Work item =>
Print, word for word, the opening line of the data below and every line after it through the line that contains "#6=PRODUCT_DEFINITION_FORMATION('','',#4);", but not the pictures.

Data excerpts
********************
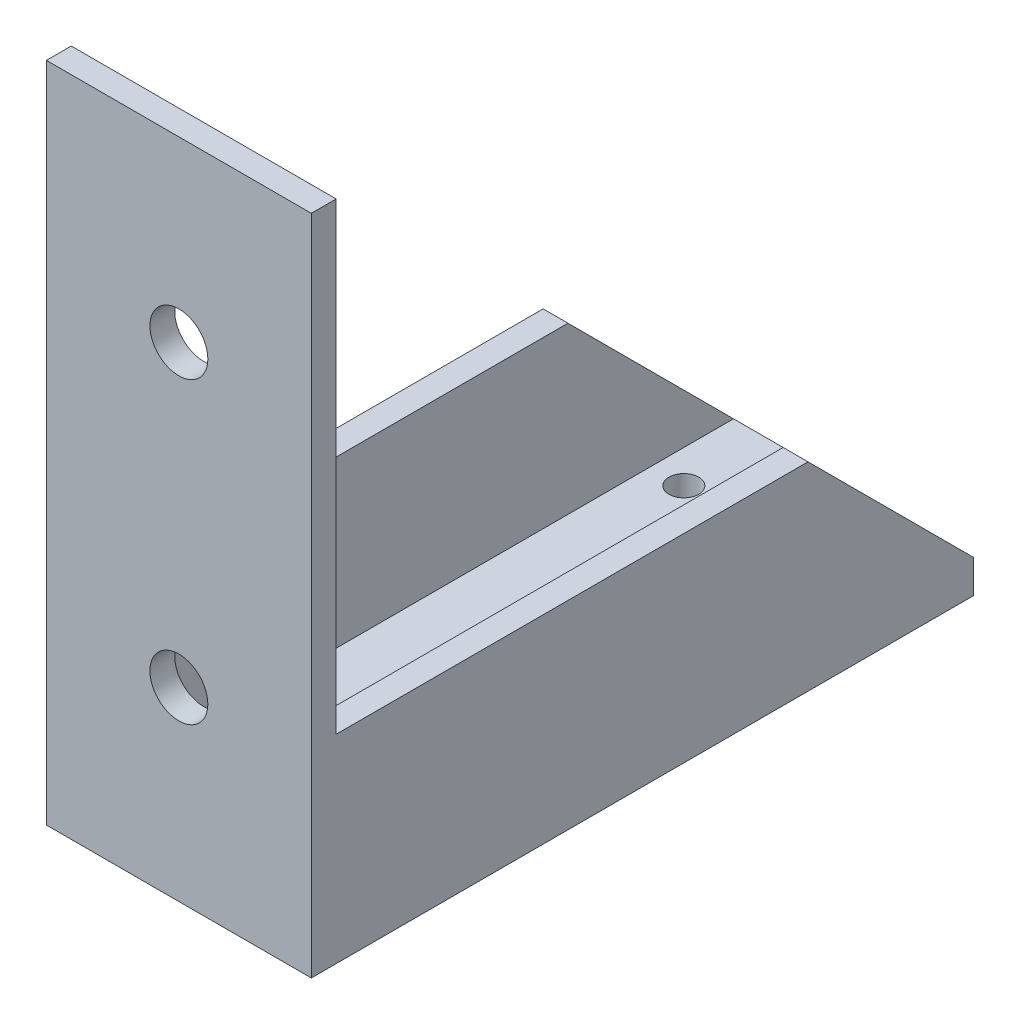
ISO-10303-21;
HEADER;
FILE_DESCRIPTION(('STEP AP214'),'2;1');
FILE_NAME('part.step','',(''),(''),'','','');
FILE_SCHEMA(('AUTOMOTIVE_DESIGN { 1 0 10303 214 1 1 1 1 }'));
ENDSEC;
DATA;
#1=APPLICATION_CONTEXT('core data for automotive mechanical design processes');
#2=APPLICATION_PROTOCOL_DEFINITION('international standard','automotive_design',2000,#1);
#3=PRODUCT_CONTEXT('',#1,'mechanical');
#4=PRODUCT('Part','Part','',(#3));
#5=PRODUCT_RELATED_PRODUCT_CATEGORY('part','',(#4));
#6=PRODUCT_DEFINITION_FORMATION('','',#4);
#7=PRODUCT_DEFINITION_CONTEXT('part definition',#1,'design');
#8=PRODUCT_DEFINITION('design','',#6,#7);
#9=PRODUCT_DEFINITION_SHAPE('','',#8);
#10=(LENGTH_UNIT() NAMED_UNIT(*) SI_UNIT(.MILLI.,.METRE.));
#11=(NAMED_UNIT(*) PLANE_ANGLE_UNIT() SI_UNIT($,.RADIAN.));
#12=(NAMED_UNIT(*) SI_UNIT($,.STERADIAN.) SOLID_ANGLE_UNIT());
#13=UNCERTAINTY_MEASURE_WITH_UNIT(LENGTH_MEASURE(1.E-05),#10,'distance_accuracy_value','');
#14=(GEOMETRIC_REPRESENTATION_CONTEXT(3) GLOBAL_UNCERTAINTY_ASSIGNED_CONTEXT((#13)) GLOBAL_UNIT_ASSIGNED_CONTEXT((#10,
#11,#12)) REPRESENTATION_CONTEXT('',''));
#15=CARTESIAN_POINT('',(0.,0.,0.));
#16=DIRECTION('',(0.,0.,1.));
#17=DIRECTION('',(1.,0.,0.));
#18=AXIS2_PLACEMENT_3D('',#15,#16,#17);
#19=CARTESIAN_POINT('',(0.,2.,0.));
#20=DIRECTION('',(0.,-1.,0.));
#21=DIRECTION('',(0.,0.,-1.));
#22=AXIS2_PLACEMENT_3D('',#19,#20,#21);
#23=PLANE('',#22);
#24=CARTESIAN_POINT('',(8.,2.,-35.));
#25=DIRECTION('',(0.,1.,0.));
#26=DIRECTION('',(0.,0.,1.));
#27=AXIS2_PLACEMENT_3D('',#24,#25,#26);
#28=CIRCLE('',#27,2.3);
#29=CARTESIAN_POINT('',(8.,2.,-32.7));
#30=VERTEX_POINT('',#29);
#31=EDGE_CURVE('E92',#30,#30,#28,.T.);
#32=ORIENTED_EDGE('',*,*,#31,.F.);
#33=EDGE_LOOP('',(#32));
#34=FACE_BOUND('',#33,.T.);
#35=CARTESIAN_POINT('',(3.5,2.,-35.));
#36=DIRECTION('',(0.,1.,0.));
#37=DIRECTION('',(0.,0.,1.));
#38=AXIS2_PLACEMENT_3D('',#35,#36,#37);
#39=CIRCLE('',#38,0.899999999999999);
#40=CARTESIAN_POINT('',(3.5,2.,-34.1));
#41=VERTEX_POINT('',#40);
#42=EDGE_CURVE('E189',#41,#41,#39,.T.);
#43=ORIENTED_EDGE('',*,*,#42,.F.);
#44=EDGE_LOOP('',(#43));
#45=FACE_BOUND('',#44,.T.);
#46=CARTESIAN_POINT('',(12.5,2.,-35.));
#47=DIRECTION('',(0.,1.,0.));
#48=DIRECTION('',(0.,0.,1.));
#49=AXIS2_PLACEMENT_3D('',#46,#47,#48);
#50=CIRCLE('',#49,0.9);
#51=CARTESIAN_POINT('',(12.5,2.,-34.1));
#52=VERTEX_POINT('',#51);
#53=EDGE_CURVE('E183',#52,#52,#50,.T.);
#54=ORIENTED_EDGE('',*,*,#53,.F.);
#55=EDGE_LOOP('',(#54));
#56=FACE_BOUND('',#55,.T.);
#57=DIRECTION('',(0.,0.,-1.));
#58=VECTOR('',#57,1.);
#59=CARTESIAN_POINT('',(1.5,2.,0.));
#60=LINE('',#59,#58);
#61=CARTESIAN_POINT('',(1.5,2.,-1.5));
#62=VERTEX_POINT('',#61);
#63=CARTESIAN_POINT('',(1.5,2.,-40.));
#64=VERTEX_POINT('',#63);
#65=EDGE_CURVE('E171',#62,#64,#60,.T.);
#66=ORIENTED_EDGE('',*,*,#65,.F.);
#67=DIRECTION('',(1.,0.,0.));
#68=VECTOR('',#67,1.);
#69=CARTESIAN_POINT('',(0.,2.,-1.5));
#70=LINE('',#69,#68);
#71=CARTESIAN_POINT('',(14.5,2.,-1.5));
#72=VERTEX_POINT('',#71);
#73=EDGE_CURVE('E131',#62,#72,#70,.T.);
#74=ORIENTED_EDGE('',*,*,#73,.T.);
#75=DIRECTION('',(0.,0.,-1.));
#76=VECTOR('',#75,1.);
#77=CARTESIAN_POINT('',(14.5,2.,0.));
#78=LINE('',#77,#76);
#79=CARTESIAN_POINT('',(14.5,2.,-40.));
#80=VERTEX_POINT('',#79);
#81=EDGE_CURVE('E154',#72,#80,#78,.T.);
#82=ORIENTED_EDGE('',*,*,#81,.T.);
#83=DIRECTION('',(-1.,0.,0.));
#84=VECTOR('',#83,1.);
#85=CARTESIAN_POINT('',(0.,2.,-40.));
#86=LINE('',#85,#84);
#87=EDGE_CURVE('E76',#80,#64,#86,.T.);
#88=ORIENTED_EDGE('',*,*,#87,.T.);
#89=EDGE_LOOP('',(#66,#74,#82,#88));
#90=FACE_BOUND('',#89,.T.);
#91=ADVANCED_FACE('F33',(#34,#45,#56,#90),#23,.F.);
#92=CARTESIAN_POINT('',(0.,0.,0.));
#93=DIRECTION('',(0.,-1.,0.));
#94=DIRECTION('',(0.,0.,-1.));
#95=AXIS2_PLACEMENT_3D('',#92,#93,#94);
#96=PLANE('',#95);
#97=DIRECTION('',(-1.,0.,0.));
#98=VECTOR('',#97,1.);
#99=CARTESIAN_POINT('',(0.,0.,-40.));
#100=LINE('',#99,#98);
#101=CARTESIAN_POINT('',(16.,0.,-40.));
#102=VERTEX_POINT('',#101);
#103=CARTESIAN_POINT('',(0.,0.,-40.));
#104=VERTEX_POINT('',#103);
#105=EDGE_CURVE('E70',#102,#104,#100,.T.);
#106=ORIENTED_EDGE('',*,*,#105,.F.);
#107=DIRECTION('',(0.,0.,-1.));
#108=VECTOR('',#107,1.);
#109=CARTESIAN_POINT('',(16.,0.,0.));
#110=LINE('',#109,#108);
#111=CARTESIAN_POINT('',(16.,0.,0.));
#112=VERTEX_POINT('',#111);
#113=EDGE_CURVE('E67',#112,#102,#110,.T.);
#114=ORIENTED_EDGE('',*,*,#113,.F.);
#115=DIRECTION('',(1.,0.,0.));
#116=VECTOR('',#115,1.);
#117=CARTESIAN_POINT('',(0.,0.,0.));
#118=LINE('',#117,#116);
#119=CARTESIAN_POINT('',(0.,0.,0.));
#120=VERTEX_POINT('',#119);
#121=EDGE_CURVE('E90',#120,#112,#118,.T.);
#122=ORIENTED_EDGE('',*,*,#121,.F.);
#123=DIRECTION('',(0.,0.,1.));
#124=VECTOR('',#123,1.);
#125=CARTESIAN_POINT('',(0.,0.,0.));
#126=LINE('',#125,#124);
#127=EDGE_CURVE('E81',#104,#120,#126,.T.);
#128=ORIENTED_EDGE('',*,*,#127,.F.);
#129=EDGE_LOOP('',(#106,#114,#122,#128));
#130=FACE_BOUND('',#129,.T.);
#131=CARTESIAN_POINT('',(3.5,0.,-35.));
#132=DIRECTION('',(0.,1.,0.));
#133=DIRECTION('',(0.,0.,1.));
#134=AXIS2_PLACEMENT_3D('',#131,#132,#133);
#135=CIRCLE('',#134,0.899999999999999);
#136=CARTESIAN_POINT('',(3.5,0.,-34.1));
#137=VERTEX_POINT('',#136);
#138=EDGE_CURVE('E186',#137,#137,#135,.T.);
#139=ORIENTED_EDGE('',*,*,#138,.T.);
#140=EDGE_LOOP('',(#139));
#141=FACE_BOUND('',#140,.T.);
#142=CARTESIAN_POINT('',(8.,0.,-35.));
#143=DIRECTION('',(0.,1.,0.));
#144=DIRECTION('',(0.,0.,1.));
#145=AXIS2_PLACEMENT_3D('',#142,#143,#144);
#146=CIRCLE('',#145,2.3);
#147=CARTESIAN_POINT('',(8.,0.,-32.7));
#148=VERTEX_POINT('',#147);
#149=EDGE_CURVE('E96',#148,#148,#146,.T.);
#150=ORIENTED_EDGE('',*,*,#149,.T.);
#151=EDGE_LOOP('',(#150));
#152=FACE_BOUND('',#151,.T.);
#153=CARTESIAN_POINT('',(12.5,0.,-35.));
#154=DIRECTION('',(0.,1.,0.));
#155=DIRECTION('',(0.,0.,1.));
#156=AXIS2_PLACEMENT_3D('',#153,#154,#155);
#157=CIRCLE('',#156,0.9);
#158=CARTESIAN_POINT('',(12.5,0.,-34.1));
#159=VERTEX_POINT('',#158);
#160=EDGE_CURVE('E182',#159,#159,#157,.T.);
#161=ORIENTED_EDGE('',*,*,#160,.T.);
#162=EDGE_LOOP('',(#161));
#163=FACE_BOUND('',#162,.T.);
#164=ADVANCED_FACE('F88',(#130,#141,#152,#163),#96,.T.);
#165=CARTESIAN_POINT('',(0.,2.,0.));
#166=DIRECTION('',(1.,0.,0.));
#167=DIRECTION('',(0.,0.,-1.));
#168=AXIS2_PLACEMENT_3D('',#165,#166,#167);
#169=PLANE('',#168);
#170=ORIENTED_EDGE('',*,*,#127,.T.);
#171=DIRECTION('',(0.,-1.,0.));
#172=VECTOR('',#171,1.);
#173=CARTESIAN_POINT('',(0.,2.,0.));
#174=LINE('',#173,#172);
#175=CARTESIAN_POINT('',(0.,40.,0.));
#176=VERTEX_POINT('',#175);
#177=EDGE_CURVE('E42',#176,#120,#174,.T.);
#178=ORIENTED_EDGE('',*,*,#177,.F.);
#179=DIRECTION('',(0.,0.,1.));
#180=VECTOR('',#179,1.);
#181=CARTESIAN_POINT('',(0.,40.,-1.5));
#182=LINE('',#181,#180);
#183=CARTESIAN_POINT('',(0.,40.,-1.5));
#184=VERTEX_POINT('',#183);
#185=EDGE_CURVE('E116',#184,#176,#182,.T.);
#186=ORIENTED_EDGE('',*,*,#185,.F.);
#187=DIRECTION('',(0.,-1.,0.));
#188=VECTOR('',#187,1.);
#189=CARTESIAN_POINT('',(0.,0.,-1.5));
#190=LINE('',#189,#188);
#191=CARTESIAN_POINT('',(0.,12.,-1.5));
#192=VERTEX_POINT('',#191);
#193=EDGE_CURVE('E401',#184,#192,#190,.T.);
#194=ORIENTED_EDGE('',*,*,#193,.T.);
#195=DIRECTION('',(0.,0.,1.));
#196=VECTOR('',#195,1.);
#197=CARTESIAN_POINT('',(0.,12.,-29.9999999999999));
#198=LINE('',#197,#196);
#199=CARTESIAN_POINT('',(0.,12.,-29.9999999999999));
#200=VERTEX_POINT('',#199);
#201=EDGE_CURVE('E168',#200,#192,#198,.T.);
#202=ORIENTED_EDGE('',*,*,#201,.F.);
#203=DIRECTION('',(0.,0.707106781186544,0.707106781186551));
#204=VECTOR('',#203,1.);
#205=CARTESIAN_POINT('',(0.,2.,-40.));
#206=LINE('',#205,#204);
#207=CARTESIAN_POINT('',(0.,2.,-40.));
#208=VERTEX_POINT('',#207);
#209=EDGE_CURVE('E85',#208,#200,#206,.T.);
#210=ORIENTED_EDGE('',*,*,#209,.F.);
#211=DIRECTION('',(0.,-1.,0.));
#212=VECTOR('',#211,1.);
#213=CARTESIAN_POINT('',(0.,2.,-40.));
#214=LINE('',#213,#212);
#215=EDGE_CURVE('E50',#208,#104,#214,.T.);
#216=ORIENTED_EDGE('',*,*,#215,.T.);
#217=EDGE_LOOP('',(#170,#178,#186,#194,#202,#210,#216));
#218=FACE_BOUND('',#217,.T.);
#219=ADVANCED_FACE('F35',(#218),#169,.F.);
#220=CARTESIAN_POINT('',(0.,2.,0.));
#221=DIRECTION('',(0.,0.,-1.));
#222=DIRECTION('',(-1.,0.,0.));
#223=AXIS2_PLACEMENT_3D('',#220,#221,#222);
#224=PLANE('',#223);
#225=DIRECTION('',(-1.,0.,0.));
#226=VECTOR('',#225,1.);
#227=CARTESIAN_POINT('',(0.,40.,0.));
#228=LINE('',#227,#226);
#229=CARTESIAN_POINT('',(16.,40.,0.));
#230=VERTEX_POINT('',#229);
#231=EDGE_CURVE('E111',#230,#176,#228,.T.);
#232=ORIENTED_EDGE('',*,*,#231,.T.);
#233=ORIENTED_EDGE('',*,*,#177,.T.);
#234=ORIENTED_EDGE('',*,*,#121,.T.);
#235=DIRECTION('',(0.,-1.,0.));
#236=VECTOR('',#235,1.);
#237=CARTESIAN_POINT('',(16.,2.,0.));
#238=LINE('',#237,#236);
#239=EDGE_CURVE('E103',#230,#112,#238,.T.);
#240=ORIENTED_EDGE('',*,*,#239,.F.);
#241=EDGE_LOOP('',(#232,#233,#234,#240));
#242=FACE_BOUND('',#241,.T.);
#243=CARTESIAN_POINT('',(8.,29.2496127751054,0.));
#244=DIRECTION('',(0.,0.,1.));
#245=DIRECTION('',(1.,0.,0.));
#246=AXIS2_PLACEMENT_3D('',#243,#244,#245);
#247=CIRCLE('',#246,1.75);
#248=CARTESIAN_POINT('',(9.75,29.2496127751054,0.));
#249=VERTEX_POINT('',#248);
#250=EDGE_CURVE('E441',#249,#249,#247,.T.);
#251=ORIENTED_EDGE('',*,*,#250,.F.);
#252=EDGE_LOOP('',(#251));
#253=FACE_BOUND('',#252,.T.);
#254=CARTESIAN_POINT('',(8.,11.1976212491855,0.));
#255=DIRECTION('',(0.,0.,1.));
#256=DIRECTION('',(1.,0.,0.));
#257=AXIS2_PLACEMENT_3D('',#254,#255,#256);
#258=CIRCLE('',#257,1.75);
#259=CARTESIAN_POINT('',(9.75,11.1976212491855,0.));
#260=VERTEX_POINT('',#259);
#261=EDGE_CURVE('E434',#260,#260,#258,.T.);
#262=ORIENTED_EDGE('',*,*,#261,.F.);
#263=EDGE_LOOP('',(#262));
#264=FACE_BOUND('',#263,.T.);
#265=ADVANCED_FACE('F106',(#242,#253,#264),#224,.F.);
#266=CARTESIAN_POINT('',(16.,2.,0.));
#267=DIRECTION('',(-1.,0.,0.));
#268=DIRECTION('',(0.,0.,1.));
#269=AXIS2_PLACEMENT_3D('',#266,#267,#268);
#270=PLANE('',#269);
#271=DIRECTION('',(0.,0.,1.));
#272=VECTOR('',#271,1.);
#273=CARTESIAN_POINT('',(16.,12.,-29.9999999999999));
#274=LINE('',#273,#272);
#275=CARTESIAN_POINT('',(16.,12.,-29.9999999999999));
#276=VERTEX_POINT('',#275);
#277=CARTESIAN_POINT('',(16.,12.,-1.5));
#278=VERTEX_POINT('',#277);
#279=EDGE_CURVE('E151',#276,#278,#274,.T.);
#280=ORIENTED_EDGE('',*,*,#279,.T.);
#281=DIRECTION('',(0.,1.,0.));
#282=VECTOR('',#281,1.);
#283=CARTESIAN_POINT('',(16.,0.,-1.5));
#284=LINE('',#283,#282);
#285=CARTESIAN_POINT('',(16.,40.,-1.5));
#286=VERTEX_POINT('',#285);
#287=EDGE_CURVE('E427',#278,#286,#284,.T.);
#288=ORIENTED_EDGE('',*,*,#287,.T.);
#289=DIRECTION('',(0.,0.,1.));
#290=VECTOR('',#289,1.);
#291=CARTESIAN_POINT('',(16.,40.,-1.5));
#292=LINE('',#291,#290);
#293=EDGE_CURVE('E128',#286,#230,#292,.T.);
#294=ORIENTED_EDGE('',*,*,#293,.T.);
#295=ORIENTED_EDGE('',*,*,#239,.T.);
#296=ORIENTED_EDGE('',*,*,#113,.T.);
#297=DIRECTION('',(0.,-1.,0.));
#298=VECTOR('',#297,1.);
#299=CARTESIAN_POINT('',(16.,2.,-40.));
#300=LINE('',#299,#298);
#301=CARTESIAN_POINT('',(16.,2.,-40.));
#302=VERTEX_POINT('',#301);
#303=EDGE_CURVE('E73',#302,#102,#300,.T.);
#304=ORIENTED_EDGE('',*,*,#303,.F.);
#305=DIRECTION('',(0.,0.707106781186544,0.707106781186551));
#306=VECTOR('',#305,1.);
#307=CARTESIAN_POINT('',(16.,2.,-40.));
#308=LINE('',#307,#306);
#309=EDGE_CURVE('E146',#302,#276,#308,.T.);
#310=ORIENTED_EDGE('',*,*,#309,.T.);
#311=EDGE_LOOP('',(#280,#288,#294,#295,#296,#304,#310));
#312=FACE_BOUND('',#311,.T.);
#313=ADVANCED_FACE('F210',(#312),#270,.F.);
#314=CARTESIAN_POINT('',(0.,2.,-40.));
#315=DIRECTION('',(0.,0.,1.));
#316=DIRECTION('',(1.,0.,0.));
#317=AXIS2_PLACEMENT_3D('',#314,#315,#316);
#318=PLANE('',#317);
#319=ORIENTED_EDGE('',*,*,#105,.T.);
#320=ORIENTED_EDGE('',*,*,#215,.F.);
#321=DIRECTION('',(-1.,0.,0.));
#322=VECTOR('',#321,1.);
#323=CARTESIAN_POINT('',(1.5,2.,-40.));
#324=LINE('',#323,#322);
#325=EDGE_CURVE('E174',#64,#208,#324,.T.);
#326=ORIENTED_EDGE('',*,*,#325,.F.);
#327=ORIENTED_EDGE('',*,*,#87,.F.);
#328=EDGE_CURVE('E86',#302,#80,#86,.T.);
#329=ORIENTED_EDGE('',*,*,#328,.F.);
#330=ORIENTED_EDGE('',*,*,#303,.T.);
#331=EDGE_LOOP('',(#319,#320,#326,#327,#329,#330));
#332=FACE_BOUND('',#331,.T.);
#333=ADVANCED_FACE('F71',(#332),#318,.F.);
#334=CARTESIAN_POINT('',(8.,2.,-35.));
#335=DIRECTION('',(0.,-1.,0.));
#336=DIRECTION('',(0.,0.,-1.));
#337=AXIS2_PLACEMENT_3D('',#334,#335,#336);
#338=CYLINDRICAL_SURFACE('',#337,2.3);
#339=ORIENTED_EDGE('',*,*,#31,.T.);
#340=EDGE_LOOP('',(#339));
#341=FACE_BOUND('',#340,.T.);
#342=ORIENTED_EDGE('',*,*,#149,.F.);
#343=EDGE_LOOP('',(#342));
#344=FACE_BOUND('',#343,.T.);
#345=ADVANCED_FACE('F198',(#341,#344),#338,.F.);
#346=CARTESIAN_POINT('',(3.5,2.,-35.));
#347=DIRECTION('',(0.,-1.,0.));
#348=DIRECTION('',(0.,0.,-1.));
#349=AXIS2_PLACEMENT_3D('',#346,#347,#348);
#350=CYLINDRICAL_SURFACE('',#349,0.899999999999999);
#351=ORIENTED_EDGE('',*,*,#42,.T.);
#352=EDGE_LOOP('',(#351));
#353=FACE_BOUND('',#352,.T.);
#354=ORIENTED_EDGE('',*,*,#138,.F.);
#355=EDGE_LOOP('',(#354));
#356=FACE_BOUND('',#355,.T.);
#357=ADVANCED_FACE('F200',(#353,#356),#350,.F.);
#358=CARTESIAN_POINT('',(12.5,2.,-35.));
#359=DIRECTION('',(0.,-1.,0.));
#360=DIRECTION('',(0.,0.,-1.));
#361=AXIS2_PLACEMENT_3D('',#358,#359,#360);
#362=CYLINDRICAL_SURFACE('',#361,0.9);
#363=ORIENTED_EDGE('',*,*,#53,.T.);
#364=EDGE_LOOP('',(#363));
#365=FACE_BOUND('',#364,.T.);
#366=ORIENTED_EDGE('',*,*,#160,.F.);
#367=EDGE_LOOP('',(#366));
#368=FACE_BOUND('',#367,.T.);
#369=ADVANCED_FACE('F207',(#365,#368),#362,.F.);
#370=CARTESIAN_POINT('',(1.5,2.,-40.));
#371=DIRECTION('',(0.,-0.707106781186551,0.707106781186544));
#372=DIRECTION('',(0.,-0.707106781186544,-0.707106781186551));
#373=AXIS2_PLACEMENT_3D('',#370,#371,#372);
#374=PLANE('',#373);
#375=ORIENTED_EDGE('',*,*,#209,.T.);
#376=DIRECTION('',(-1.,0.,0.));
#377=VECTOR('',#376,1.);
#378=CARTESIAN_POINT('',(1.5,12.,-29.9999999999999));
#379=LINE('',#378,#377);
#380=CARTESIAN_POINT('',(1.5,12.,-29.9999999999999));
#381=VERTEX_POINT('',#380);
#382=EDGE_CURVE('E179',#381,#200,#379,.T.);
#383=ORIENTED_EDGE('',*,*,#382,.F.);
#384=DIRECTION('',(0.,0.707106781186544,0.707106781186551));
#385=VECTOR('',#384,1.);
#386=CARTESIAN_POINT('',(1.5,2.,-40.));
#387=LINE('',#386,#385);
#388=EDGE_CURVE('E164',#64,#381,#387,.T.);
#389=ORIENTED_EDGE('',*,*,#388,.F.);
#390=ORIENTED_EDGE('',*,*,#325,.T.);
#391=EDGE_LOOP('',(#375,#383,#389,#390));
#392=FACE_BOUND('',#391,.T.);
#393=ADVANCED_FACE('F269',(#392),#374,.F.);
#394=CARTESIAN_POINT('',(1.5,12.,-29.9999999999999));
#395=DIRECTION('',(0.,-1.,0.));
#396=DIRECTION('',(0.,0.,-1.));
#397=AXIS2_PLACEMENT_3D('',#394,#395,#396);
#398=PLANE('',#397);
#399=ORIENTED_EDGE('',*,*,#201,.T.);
********************
Written response =>
ISO-10303-21;
HEADER;
FILE_DESCRIPTION(('STEP AP214'),'2;1');
FILE_NAME('part.step','',(''),(''),'','','');
FILE_SCHEMA(('AUTOMOTIVE_DESIGN { 1 0 10303 214 1 1 1 1 }'));
ENDSEC;
DATA;
#1=APPLICATION_CONTEXT('core data for automotive mechanical design processes');
#2=APPLICATION_PROTOCOL_DEFINITION('international standard','automotive_design',2000,#1);
#3=PRODUCT_CONTEXT('',#1,'mechanical');
#4=PRODUCT('Part','Part','',(#3));
#5=PRODUCT_RELATED_PRODUCT_CATEGORY('part','',(#4));
#6=PRODUCT_DEFINITION_FORMATION('','',#4);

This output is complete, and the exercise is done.